Today’s successful businesses must fully exploit technology to achieve important goals. Unfortunately many struggle to reap maximum results from their technology choices. In a study by CompTIA about the business relevance of technology in small businesses, 58% of owners or management rated the ROI of their technology investment as good or excellent. For the others, dissatisfaction included the ongoing costs of maintenance, challenging system upgrades and other issues involving reliability and complexity.
It doesn’t have to be this way.
Well-managed technology with thoughtfully chosen devices and software makes a business more profitable and secure. The lack of disruption—by everything from system slowness to complete outages—creates a happier and more productive environment for employees and customers.
Re-focusing on the benefits of technology as opposed to its limitations takes effort.

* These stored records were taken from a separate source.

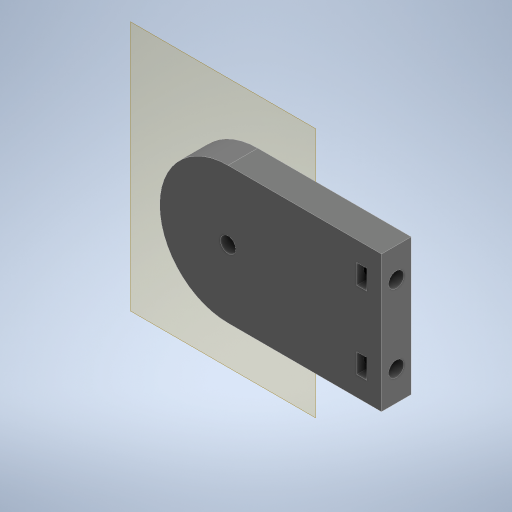
# Autodesk Inventor part: 6
Saved by Autodesk Inventor 2024.3 (Build 283343000, 343)
## iProperties
Created: 2024-09-05
Part Number: 6
Material: 아크릴, 선명
Document SubType Name: Modeling
Designer: 구지현
Density: 1.19 g/cm^3
Appearance: 회색
Mass: 7.93302 g
Surface Area: 33.8818 cm^2
Volume: 6.66641 cm^3
Author: 구지현
Autodesk Inventor part; units mm, degrees
ref_plane "YZ Plane" through (0, 0, 0) normal (1, 0, 0) x (0, 1, 0)
ref_plane "XZ Plane" through (0, 0, 0) normal (0, 1, 0) x (-1, 0, 0)
ref_plane "XY Plane" through (0, 0, 0) normal (0, 0, 1) x (1, 0, 0)
ref_plane "작업 평면1" through (0, 0, 0) normal (0, 0, 1) x (1, 0, 0)
sketch "스케치1" plane through (0, 0, 0) normal (0, 0, 1) x (1, 0, 0)
  line L0 (6.993261, -11.657355) -> (26.993258, -11.667122)
  arc A0 (7.006739, 15.942642) -> (6.993261, -11.657355) centre (7, 2.142643) ccw
  line L1 (27.006737, 15.932875) -> (7.006739, 15.942642)
  line L2 (26.993258, -11.667122) -> (27.006737, 15.932875)
  circle A1 centre (-0.776779, -5.636927) radius 1.65
  circle A2 centre (-4, 2.140669) radius 1.65
  circle A3 centre (-0.77957, 9.919422) radius 1.65
  circle A4 centre (6.998026, 13.142643) radius 1.65
  circle A5 centre (14.776779, 9.922214) radius 1.65
  circle A6 centre (18, 2.144617) radius 1.65
  circle A7 centre (14.77957, -5.634135) radius 1.65
  circle A8 centre (7.001974, -8.857357) radius 1.65
  circle A9 centre (7, 2.142643) radius 5.1
  circle A10 centre (7, 2.142643) radius 3.55
  line L3 (6.99331, -11.557355) -> (26.993307, -11.567122)
  line L4 (26.993307, -11.567122) -> (27.006786, 16.032875)
  line L5 (27.006786, 16.032875) -> (7.006788, 16.042642)
  arc A11 (7.006788, 16.042642) -> (6.99331, -11.557355) centre (7.000049, 2.242643) ccw
  circle A12 centre (-0.781923, -5.531732) radius 1.65
  circle A13 centre (-3.99995, 2.248015) radius 1.65
  circle A14 centre (-0.774326, 10.024615) radius 1.65
  circle A15 centre (7.005421, 13.242642) radius 1.65
  circle A16 centre (14.782021, 10.017018) radius 1.65
  circle A17 centre (18.000048, 2.237271) radius 1.65
  circle A18 centre (14.774424, -5.539329) radius 1.65
  circle A19 centre (6.994677, -8.757356) radius 1.65
  circle A20 centre (7.000049, 2.242643) radius 5.1
  point P0 (0, 0)
  dimension "d0" = 7.1
  constraints: 1 centre point, 1 coincident
  measures "d0" diameter of A10
extrude "돌출1" add sketch "스케치1" along normal blind 6 contours A11 L5 L4 L1 A0 | A0 L1 L2 L3 A11 | A1 A12 | A12 A1 | A1 A12 | A2 A13 | A13 A2 | A2 A13 | A14 A3 | A3 A14 | A3 A14 | A4 A15 | A4 A15 | A15 A4 | A5 A16 | A5 A16 | A16 A5 | A6 | A7 A18 | A18 A7 | A7 A18 | A8 A19 | A19 A8 | A8 A19 | A20 A9 | A9 A20 | A9 A20 | A17
offset faces "크기1" outward 2 faces at (10.504028, 1.573183, 4)
move faces "이동1" translate (4.999999, -0.002442, 0) faces at (27.00226, 6.766209, 4)
move faces "이동2" translate (1, -0.000488, 0) faces at (32.006753, 15.963766, 2) (32.00226, 6.763767, 4)
move faces "이동3" translate (4.999999, -0.002442, 0) faces at (33.006752, 15.963278, 2) (32.997783, -2.403387, 4)
sketch "스케치3" plane through (38.006784, 16.027503, 6) normal (0.9999999, -0.0004883, 0) x (0, 0, -1)
  circle A0 centre (3, -6) radius 1.55
  circle A1 centre (57.100995, -6.1) radius 1.55
  circle A2 centre (3, -21.6) radius 1.55
  circle A3 centre (57.100995, -21.7) radius 1.55
  line L0 (-17.781018, 8.082697) -> (114.718982, 8.082697)
  line L1 (-17.781018, -71.417303) -> (-17.781018, 8.082697)
  line L2 (114.718982, -71.417303) -> (-17.781018, -71.417303)
  line L3 (114.718982, 8.082697) -> (114.718982, -71.417303)
  point P0 (6, -16.046061)
extrude "돌출3" cut sketch "스케치3" against normal blind 10 contours A0 | A2
sketch "스케치4" plane through (0, 0, 0) normal (0, 0, -1) x (-1, 0, 0)
  line L0 (-38.006784, 16.027503) -> (-7.006788, 16.042642)
  line L1 (-33.358652, 16.029773) -> (-33.358652, 12.029773)
  line L2 (-33.358652, 16.029773) -> (-29.358652, 16.029773) construction
  line L3 (-6.99331, -11.557355) -> (-37.993306, -11.572494)
  line L4 (-34.023529, -11.570555) -> (-34.023529, -7.570555)
  line L5 (-34.023529, -11.570555) -> (-30.023529, -11.570555) construction
  line L6 (-37.993306, -11.572494) -> (-38.006784, 16.027503)
  line L7 (-37.995039, -8.023851) -> (-34.995039, -8.023851)
  line L8 (-37.995039, -8.023851) -> (-34.995039, -8.023851) construction
  line L9 (-34.995039, -7.570555) -> (-32.995039, -7.570555)
  line L10 (-32.995039, -7.570555) -> (-32.995039, -3.570555)
  line L11 (-32.995039, -3.570555) -> (-34.995039, -3.570555)
  line L12 (-34.995039, -3.570555) -> (-34.995039, -7.570555)
  line L13 (-34.995039, 12.029773) -> (-32.995039, 12.029773)
  line L14 (-32.995039, 12.029773) -> (-32.995039, 8.029773)
  line L15 (-32.995039, 8.029773) -> (-34.995039, 8.029773)
  line L16 (-34.995039, 8.029773) -> (-34.995039, 12.029773)
  point P0 (0, 0)
  dimension "d17" = 4
  dimension "d18" = 90
  dimension "d19" = 4
  dimension "d20" = 90
  dimension "d21" = 3
  dimension "d22" = 0
  dimension "d23" = 2
  dimension "d24" = 4
  dimension "d25" = 2
  dimension "d26" = 4
  constraints: 28 end point, 6 horizontal, 4 parallel, 4 point on line, 3 equal length, 2 perpendicular, 2 vertical
  measures "d17" distance of L1.start L1.end
  measures "d18" angle of L1 L2
  measures "d19" distance of L4.start L4.end
  measures "d20" angle of L5 L4
  measures "d21" distance of L7.start L7.end
  measures "d22" distance between parallel lines of L7 L8
  measures "d23" distance of L11.end L10.end
  measures "d24" distance of L10.end L9.end
  measures "d25" distance of L14.end L15.end
  measures "d26" distance of L13.end L14.end
extrude "돌출4" cut sketch "스케치4" against normal blind 10
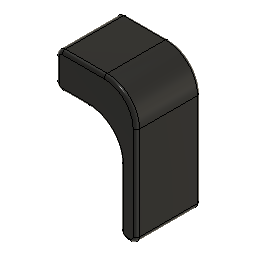
Arm Strap Support2 (Autodesk Fusion 360 design; units mm, degrees)
Autodesk Fusion 360 part; units mm, degrees
sketch "Sketch1" plane through (0, 57.15, 0) normal (0, 1, 0) x (-1, 0, 0)
  line L0 (-4.0409, -6.0198) -> (-4.0409, -7.62)
  line L1 (-4.0409, -7.62) -> (2.9359, -7.62)
  line L2 (2.9359, -7.62) -> (2.9359, -6.0198)
  line L3 (2.9359, -6.0198) -> (-4.0409, -6.0198)
  line L4 (-19.0526, 3.8099) -> (-19.0526, -5.08)
  line L5 (-21.5926, -7.62) -> (-31.7526, -7.62)
  line L6 (-44.4526, -7.62) -> (-44.4526, 6.3499)
  line L7 (-44.4526, 6.3499) -> (-21.5926, 6.3499)
  line L8 (-44.4526, -20.32) -> (-44.4526, -43.18)
  line L9 (-46.9926, -45.72) -> (-48.2626, -45.72)
  line L10 (-50.8026, -43.18) -> (-50.8026, -6.3501)
  line L11 (-38.1026, 6.3499) -> (-44.4526, 6.3499)
  arc A0 (-19.0526, 3.8099) -> (-21.5926, 6.3499) centre (-21.5926, 3.8099) ccw
  arc A1 (-21.5926, -7.62) -> (-19.0526, -5.08) centre (-21.5926, -5.08) ccw
  arc A2 (-46.9926, -45.72) -> (-44.4526, -43.18) centre (-46.9926, -43.18) ccw
  arc A3 (-50.8026, -43.18) -> (-48.2626, -45.72) centre (-48.2626, -43.18) ccw
  arc A4 (-31.7526, -7.62) -> (-44.4526, -20.32) centre (-31.7526, -20.32) ccw
  arc A5 (-38.1026, 6.3499) -> (-50.8026, -6.3501) centre (-38.1026, -6.3501) ccw
  point P0 (-19.0526, -7.62)
  point P1 (-44.4526, -45.72)
  point P2 (-50.8026, -45.72)
  dimension "d1" = 25.4
  dimension "d2" = 38.1
  dimension "d3" = 6.35
  dimension "d4" = 2.54
  dimension "d5" = 2.54
  dimension "d6" = 12.7
  constraint perpendicular L1 L4
  constraint perpendicular L4 L5
  constraint perpendicular L5 L6
  constraint perpendicular L4 L7
  constraint perpendicular L5 L8
  constraint perpendicular L8 L9
  constraint perpendicular L9 L10
  constraint perpendicular L6 L11
  constraint tangent L4 A0
  constraint tangent L7 A0
  constraint coincident P0 L4
  constraint coincident P0 L5
  constraint tangent L4 A1
  constraint tangent L5 A1
  constraint equal A0 A1
  constraint coincident P1 L8
  constraint coincident P1 L9
  constraint tangent L8 A2
  constraint tangent L9 A2
  constraint coincident P2 L9
  constraint coincident P2 L10
  constraint tangent L9 A3
  constraint tangent L10 A3
  constraint equal A2 A3
  constraint coincident L6.start L5
  constraint coincident L6.start L8
  constraint tangent L5 A4
  constraint tangent L8 A4
  constraint tangent L10 A5
  constraint tangent L11 A5
  constraint equal A4 A5
  measures "d1" distance of P0 L6.start
  measures "d2" distance of L6.start P1
  measures "d3" distance of P1 P2
  measures "d4" radius of A0
  measures "d5" radius of A2
  measures "d6" radius of A4
extrude "Extrude1" add sketch "Sketch1" against normal blind 25.4 contours L4 L5 L7 L8 L9 L10 A0 A1 A2 A3 A4 A5
fillet "Fillet1" radius 1.27 12 edges at (19.0526, 31.75, -0.6351) (19.7966, 31.75, -6.8761) (26.6726, 31.75, -7.62) (40.7329, 31.75, -11.3397) (44.4526, 31.75, -31.75) (45.1966, 31.75, -44.9761) (47.6276, 31.75, -45.72) (50.0587, 31.75, -44.9761) (50.8026, 31.75, -24.7651) (47.0829, 31.75, 2.6301) (29.8476, 31.75, 6.3499) (19.7966, 31.75, 5.6059) 1 faces at (30.4826, 57.15, 1.6932)
hole "Hole4" at (19.0526, 50.8, 0) direction (1, 0, 0) diameter 3.429 depth 12.7 tip angle 180
thread "Thread4" "ANSI Unified Screw Threads 0.164(#8) 8-32 UNC 8-32 UNC 2B" major diameter 4.1656 minor diameter 3.4163 pitch 0.7937 angle 60 modelled right hand crest width 0.2341 on face at (23.2859, 50.9707, 1.706) crest through (19.251, 49.0918, 0)
hole "Hole5" at (19.0526, 38.1, 0) direction (1, 0, 0) diameter 3.429 depth 12.7 tip angle 180
thread "Thread5" "ANSI Unified Screw Threads 0.164(#8) 8-32 UNC 8-32 UNC 2B" major diameter 4.1656 minor diameter 3.4163 pitch 0.7937 angle 60 modelled right hand crest width 0.2341 on face at (23.2859, 38.2707, 1.706) crest through (19.251, 36.3918, 0)
sketch "Sketch2" plane through (19.0526, 0, 0) normal (-1, 0, 0) x (0, -1, 0)
  spline S0 degree 3 poles (-39.1037, -1.825) (-39.3209, -1.674) (-39.5071, -1.4829) (-39.7881, -1.048) (-39.8836, -0.8108) (-39.9744, -0.3235) (-39.9728, -0.0789) (-39.8889, 0.3235) (-39.8315, 0.4832) (-39.6758, 0.7763) (-39.5795, 0.909) (-39.4657, 1.0259) knots 0 0 0 0 0.079347 0.079347 0.155456 0.155456 0.228326 0.228326 0.279114 0.279114 0.328226 0.328226 0.328226 0.328226
  arc A0 (-36.7343, 1.0259) -> (-39.4657, 1.0259) centre (-38.1, 0) ccw
  spline S1 degree 3 poles (-36.7343, 1.0259) (-36.5767, 0.864) (-36.4531, 0.6723) (-36.2803, 0.2427) (-36.2366, 0.0074) (-36.2398, -0.4776) (-36.2908, -0.7228) (-36.4588, -1.1248) (-36.5557, -1.2864) (-36.7951, -1.5826) (-36.9376, -1.7147) (-37.0963, -1.825) knots 0 0 0 0 0.06777 0.06777 0.138771 0.138771 0.213001 0.213001 0.26909 0.26909 0.326867 0.326867 0.326867 0.326867
  arc A1 (-39.1037, -1.825) -> (-37.0963, -1.825) centre (-38.1, 0) ccw
  spline S2 degree 3 poles (-51.8037, -1.825) (-52.0209, -1.674) (-52.2071, -1.4829) (-52.4881, -1.048) (-52.5836, -0.8108) (-52.6744, -0.3235) (-52.6728, -0.0789) (-52.5889, 0.3235) (-52.5315, 0.4832) (-52.3758, 0.7763) (-52.2795, 0.909) (-52.1657, 1.0259) knots 0 0 0 0 0.079347 0.079347 0.155456 0.155456 0.228326 0.228326 0.279114 0.279114 0.328226 0.328226 0.328226 0.328226
  arc A2 (-49.4343, 1.0259) -> (-52.1657, 1.0259) centre (-50.8, 0) ccw
  spline S3 degree 3 poles (-49.4343, 1.0259) (-49.2767, 0.864) (-49.1531, 0.6723) (-48.9803, 0.2427) (-48.9366, 0.0074) (-48.9398, -0.4776) (-48.9908, -0.7228) (-49.1588, -1.1248) (-49.2557, -1.2864) (-49.4951, -1.5826) (-49.6376, -1.7147) (-49.7963, -1.825) knots 0 0 0 0 0.06777 0.06777 0.138771 0.138771 0.213001 0.213001 0.26909 0.26909 0.326867 0.326867 0.326867 0.326867
  arc A3 (-51.8037, -1.825) -> (-49.7963, -1.825) centre (-50.8, 0) ccw
  line L0 (-55.88, 3.8099) -> (-55.88, -5.08)
  line L1 (-55.88, -5.08) -> (-33.02, -5.08)
  line L2 (-33.02, -5.08) -> (-33.02, 3.8099)
  line L3 (-33.02, 3.8099) -> (-55.88, 3.8099)
  line L4 (-35.7886, 0) -> (-35.7886, 1.8034)
  line L5 (-36.2966, 2.3114) -> (-39.9034, 2.3114)
  line L6 (-40.4114, 1.8034) -> (-40.4114, -1.8034)
  line L7 (-39.9034, -2.3114) -> (-36.2966, -2.3114)
  line L8 (-35.7886, -1.8034) -> (-35.7886, 0)
  arc A4 (-35.7886, 1.8034) -> (-36.2966, 2.3114) centre (-36.2966, 1.8034) ccw
  arc A5 (-36.2966, -2.3114) -> (-35.7886, -1.8034) centre (-36.2966, -1.8034) ccw
  arc A6 (-40.4114, -1.8034) -> (-39.9034, -2.3114) centre (-39.9034, -1.8034) ccw
  arc A7 (-39.9034, 2.3114) -> (-40.4114, 1.8034) centre (-39.9034, 1.8034) ccw
  line L9 (-40.3987, 1.8034) -> (-40.3987, -1.8034)
  arc A8 (-40.3987, -1.8034) -> (-39.9034, -2.2987) centre (-39.9034, -1.8034) ccw
  line L10 (-39.9034, -2.2987) -> (-36.2966, -2.2987)
  arc A9 (-36.2966, -2.2987) -> (-35.8013, -1.8034) centre (-36.2966, -1.8034) ccw
  line L11 (-35.8013, -1.8034) -> (-35.8013, 0)
  line L12 (-35.8013, 0) -> (-35.8013, 1.8034)
  arc A10 (-35.8013, 1.8034) -> (-36.2966, 2.2987) centre (-36.2966, 1.8034) ccw
  line L13 (-36.2966, 2.2987) -> (-39.9034, 2.2987)
  arc A11 (-39.9034, 2.2987) -> (-40.3987, 1.8034) centre (-39.9034, 1.8034) ccw
  line L14 (-40.1447, 1.8034) -> (-40.1447, -1.8034)
  arc A12 (-40.1447, -1.8034) -> (-39.9034, -2.0447) centre (-39.9034, -1.8034) ccw
  line L15 (-39.9034, -2.0447) -> (-36.2966, -2.0447)
  arc A13 (-36.2966, -2.0447) -> (-36.0553, -1.8034) centre (-36.2966, -1.8034) ccw
  line L16 (-36.0553, -1.8034) -> (-36.0553, 0)
  line L17 (-36.0553, 0) -> (-36.0553, 1.8034)
  arc A14 (-36.0553, 1.8034) -> (-36.2966, 2.0447) centre (-36.2966, 1.8034) ccw
  line L18 (-36.2966, 2.0447) -> (-39.9034, 2.0447)
  arc A15 (-39.9034, 2.0447) -> (-40.1447, 1.8034) centre (-39.9034, 1.8034) ccw
  line L19 (-48.9966, 2.2987) -> (-52.6034, 2.2987)
  arc A16 (-52.6034, 2.2987) -> (-53.0987, 1.8034) centre (-52.6034, 1.8034) ccw
  line L20 (-53.0987, 1.8034) -> (-53.0987, -1.8034)
  arc A17 (-53.0987, -1.8034) -> (-52.6034, -2.2987) centre (-52.6034, -1.8034) ccw
  line L21 (-52.6034, -2.2987) -> (-48.9966, -2.2987)
  arc A18 (-48.9966, -2.2987) -> (-48.5013, -1.8034) centre (-48.9966, -1.8034) ccw
  line L22 (-48.5013, -1.8034) -> (-48.5013, 0)
  line L23 (-48.5013, 0) -> (-48.5013, 1.8034)
  arc A19 (-48.5013, 1.8034) -> (-48.9966, 2.2987) centre (-48.9966, 1.8034) ccw
  line L24 (-48.9966, 2.0447) -> (-52.6034, 2.0447)
  arc A20 (-48.7553, 1.8034) -> (-48.9966, 2.0447) centre (-48.9966, 1.8034) ccw
  line L25 (-48.7553, 0) -> (-48.7553, 1.8034)
  line L26 (-48.7553, -1.8034) -> (-48.7553, 0)
  arc A21 (-48.9966, -2.0447) -> (-48.7553, -1.8034) centre (-48.9966, -1.8034) ccw
  line L27 (-52.6034, -2.0447) -> (-48.9966, -2.0447)
  line L28 (-52.8447, 1.8034) -> (-52.8447, -1.8034)
  arc A22 (-52.8447, -1.8034) -> (-52.6034, -2.0447) centre (-52.6034, -1.8034) ccw
  arc A23 (-52.6034, 2.0447) -> (-52.8447, 1.8034) centre (-52.6034, 1.8034) ccw
  point P0 (-35.7886, 2.3114)
  point P1 (-40.4114, 2.3114)
  point P2 (-40.4114, -2.3114)
  dimension "d40" = 2.3114
  dimension "d41" = 2.3114
  dimension "d42" = 4.6228
  dimension "d43" = 4.6228
  dimension "d44" = 0.508
  dimension "d45" = -0.0127
  dimension "d46" = -0.254
  dimension "d49" = -12.7
  dimension "d50" = 0
  constraint perpendicular L4 L5
  constraint perpendicular L6 L7
  constraint coincident P0 L4
  constraint coincident P0 L5
  constraint tangent L4 A4
  constraint tangent L5 A4
  constraint tangent L7 A5
  constraint tangent L8 A5
  constraint equal A4 A5
  constraint coincident P2 L6
  constraint coincident P2 L7
  constraint tangent L6 A6
  constraint tangent L7 A6
  constraint equal A4 A6
  constraint coincident P1 L5
  constraint coincident P1 L6
  constraint tangent L5 A7
  constraint tangent L6 A7
  constraint equal A4 A7
  measures "d40" distance of A0.centre L4.start
  measures "d41" distance of L4.start P0
  measures "d42" distance of P0 P1
  measures "d43" distance of P1 P2
  measures "d44" radius of A4
equation "d42 = ( 0.091 * 2 ) * 1 in"
equation "d43 = ( 0.091 * 2 ) * 1 in"
named bodies: "ArmSupport2"

And doing it right requires investments and can create some short-term disruption. For many businesses it’s just much easier to live with the status quo—even if the losses outweigh the benefits of change.
But what if a business has finally had enough of the workarounds and slowdowns and lost backups, along with all the other pitfalls of poor technology choices? There is a solution and it starts with knowledge and planning.
In order to accurately evaluate technology changes, consider the pains solved and the goals met as part of the equation.
Define goals
What will this change achieve and how will it impact the business? Businesses where all infrastructure components are well supported, software is up-to-date and warranties are current see an operational difference. How about taking steps to reduce the risk of an expensive breach? Whether the objective is improved communications, tighter inventory control or higher customer retention, technology that works properly is the key. Every business working toward increased growth needs a different recipe to reach their technology management target.
Calculate your ROI comprehensively
When thinking about technology, many businesses consider only the direct cost of purchasing, implementing and managing the environment. And any investment appears flawed when there is no obvious upside. In-house tech staff often knows that improvements are needed but finds it hard to make the case for better technology when costs are considered separately from the benefits. In order to accurately evaluate technology changes, consider the pains solved and the goals met as part of the equation.
Is Technology Management the best choice?
Some businesses use a reactive approach to technology by waiting until something breaks to get it fixed. These businesses tend to keep using equipment without vendor support until one day it just stops working altogether. If downtime, slowness and other typical problems don’t affect business productivity, this approach may be the best choice for them.
Many businesses have found that forging a close relationship with an outside company is the best way to keep technology on track to meet their industry challenges. The term “trusted advisor” is overused but the point is valid: when an advisor knows the big picture of their client’s goals they will make the right budgeting recommendations for the best technology needed to succeed.
Putting it all together
As difficult as it is for some business owners and managers to see the connection between technology and increased revenues, it is important to make a few calculations. Consider having a business with more employee and client satisfaction, fewer missed deadlines, less wasted time dealing with tech issues as the first step to embracing needed change. It can be frustrating to not be able to precisely measure the ROI of tech improvements in hard dollars but, when a company operates more smoothly, the benefits are immediate and apparent.